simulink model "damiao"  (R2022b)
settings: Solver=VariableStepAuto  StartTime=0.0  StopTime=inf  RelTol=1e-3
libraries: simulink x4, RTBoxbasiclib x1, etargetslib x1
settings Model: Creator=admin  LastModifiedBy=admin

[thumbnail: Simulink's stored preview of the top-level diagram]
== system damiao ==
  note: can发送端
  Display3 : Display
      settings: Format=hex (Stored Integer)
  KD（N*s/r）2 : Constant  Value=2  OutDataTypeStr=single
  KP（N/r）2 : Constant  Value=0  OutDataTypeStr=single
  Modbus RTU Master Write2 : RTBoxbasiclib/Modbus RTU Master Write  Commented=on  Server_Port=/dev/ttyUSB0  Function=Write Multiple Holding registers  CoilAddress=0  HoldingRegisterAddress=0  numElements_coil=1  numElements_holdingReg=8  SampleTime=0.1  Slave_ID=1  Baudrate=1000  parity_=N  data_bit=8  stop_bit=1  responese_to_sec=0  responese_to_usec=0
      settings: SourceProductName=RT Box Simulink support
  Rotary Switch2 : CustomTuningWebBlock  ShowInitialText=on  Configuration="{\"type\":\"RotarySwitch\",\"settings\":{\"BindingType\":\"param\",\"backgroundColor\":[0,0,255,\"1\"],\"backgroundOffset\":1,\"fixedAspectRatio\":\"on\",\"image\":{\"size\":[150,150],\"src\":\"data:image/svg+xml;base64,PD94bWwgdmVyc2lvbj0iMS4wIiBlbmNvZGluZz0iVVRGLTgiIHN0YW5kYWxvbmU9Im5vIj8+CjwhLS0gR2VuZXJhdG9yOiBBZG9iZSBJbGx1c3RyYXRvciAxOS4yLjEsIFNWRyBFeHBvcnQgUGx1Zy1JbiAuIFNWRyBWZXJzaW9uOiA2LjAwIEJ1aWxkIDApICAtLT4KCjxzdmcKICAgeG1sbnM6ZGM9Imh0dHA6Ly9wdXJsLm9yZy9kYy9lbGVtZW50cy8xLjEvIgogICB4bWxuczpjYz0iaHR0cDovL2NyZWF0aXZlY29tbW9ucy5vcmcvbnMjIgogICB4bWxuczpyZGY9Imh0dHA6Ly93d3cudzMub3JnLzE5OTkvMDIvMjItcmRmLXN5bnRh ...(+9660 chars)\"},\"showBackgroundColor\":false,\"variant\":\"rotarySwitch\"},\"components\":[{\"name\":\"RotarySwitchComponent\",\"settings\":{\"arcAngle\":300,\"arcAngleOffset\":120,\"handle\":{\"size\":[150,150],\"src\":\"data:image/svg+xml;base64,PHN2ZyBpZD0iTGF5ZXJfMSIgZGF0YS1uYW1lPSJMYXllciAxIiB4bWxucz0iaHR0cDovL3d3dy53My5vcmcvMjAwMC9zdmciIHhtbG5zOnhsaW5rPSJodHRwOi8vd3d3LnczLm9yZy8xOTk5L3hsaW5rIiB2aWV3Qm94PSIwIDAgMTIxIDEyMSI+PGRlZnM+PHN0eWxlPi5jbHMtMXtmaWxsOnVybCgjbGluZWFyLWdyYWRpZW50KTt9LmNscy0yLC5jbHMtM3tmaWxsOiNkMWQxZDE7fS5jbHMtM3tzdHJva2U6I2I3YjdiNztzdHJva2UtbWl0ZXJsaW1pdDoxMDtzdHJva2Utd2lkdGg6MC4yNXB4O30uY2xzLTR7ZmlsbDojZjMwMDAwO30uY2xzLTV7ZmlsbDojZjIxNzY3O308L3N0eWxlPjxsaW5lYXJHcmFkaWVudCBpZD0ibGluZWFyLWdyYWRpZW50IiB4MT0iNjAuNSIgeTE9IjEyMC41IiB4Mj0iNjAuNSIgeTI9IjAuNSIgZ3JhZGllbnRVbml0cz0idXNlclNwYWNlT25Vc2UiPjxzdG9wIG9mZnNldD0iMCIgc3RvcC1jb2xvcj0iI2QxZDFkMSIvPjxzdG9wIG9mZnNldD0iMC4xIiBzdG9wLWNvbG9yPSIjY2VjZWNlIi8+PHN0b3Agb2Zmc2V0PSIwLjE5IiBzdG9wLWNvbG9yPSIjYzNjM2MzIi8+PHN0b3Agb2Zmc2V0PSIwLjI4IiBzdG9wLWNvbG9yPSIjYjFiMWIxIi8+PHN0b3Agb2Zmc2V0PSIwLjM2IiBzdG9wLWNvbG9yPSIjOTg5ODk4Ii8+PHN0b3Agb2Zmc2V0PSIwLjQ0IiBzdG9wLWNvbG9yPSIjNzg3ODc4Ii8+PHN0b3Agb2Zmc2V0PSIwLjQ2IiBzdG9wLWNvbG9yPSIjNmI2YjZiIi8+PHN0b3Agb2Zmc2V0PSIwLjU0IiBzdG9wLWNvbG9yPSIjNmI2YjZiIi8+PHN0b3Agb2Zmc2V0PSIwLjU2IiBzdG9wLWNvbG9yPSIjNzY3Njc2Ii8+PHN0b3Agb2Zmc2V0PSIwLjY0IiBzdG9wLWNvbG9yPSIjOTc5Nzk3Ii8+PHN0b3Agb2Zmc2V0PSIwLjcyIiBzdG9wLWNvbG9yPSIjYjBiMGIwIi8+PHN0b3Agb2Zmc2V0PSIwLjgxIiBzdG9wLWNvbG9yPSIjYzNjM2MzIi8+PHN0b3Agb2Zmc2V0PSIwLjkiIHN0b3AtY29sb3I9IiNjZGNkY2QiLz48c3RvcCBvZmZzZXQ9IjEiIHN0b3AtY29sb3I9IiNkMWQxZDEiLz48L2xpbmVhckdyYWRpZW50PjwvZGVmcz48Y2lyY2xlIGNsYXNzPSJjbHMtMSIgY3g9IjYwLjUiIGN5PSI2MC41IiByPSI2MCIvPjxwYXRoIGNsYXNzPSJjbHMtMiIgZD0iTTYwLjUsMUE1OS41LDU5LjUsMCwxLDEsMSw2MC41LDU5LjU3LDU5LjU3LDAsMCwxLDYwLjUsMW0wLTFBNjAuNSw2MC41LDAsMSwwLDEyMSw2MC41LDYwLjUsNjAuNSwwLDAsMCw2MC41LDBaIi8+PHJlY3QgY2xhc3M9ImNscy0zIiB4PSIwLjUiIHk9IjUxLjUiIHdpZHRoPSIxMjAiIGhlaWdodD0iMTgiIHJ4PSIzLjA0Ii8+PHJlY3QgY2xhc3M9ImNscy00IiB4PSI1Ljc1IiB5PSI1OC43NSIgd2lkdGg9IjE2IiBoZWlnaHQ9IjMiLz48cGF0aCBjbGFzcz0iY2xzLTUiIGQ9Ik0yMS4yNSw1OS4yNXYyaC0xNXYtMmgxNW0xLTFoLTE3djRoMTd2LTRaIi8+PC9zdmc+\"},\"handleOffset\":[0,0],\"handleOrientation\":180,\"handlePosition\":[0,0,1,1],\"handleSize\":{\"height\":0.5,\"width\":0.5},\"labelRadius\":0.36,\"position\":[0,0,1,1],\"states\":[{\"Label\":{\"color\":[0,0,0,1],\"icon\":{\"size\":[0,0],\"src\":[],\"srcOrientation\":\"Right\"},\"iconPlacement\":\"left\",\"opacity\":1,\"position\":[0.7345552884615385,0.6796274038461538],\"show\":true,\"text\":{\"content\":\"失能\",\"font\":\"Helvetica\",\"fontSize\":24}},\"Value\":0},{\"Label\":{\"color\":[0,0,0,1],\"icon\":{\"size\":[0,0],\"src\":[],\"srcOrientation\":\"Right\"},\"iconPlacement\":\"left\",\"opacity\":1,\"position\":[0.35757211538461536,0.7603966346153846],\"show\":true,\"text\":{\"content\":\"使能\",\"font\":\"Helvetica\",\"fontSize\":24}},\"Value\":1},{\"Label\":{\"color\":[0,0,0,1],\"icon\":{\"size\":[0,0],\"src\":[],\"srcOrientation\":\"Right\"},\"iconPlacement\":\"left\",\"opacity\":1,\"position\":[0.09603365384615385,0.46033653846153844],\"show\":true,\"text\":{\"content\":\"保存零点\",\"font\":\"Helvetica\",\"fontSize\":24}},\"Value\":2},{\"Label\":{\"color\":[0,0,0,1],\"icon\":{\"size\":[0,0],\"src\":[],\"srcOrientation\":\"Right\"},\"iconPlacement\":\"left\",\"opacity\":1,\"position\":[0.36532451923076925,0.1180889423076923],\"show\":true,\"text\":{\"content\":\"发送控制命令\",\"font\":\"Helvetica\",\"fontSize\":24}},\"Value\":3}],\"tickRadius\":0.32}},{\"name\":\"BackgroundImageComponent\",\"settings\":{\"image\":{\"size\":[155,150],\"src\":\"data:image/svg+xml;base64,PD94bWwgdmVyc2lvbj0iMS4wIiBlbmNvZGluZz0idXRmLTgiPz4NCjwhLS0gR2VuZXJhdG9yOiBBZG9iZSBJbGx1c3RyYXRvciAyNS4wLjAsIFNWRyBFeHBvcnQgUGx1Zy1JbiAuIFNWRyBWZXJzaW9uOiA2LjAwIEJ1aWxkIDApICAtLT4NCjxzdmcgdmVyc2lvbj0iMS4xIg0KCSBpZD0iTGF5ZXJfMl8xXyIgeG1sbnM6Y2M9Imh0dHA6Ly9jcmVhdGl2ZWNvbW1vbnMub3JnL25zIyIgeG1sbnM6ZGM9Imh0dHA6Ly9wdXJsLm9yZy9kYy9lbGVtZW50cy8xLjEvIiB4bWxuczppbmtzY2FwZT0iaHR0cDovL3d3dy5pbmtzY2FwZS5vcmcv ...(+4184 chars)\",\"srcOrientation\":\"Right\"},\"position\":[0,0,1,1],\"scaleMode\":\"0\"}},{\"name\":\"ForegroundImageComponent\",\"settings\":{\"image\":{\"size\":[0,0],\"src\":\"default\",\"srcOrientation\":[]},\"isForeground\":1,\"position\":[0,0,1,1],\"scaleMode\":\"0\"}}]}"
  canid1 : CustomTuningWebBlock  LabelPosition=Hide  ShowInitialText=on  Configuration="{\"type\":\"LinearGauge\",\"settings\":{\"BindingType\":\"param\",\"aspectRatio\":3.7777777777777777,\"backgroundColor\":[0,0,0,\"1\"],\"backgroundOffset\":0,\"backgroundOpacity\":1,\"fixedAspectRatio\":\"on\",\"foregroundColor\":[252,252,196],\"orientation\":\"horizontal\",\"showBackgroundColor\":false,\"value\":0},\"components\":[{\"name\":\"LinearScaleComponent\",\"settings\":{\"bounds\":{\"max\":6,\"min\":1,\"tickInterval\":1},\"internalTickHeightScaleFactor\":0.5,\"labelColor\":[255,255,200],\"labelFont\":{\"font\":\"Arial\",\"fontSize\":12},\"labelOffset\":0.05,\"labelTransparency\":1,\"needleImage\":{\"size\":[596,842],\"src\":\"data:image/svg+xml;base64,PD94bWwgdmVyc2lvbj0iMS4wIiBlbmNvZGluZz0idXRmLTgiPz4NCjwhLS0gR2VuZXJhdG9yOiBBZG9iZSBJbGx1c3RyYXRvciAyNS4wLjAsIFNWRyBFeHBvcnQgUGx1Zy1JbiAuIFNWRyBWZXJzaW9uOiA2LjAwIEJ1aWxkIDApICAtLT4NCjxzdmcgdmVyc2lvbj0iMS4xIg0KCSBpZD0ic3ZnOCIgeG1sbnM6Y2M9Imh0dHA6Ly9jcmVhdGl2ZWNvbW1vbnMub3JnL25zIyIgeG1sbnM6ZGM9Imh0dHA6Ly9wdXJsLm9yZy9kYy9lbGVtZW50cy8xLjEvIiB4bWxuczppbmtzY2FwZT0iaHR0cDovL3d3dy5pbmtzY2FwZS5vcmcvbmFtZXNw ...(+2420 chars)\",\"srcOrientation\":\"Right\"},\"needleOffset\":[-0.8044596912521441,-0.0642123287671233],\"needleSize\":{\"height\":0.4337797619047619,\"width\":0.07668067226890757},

──────────

> **Work to complete**: Retype the entries exactly from the first line, stopping after the line with "KP（N/r）2 : Constant".

> **Solved problem**:
simulink model "damiao"  (R2022b)
settings: Solver=VariableStepAuto  StartTime=0.0  StopTime=inf  RelTol=1e-3
libraries: simulink x4, RTBoxbasiclib x1, etargetslib x1
settings Model: Creator=admin  LastModifiedBy=admin

[thumbnail: Simulink's stored preview of the top-level diagram]
== system damiao ==
  note: can发送端
  Display3 : Display
      settings: Format=hex (Stored Integer)
  KD（N*s/r）2 : Constant  Value=2  OutDataTypeStr=single
  KP（N/r）2 : Constant  Value=0  OutDataTypeStr=single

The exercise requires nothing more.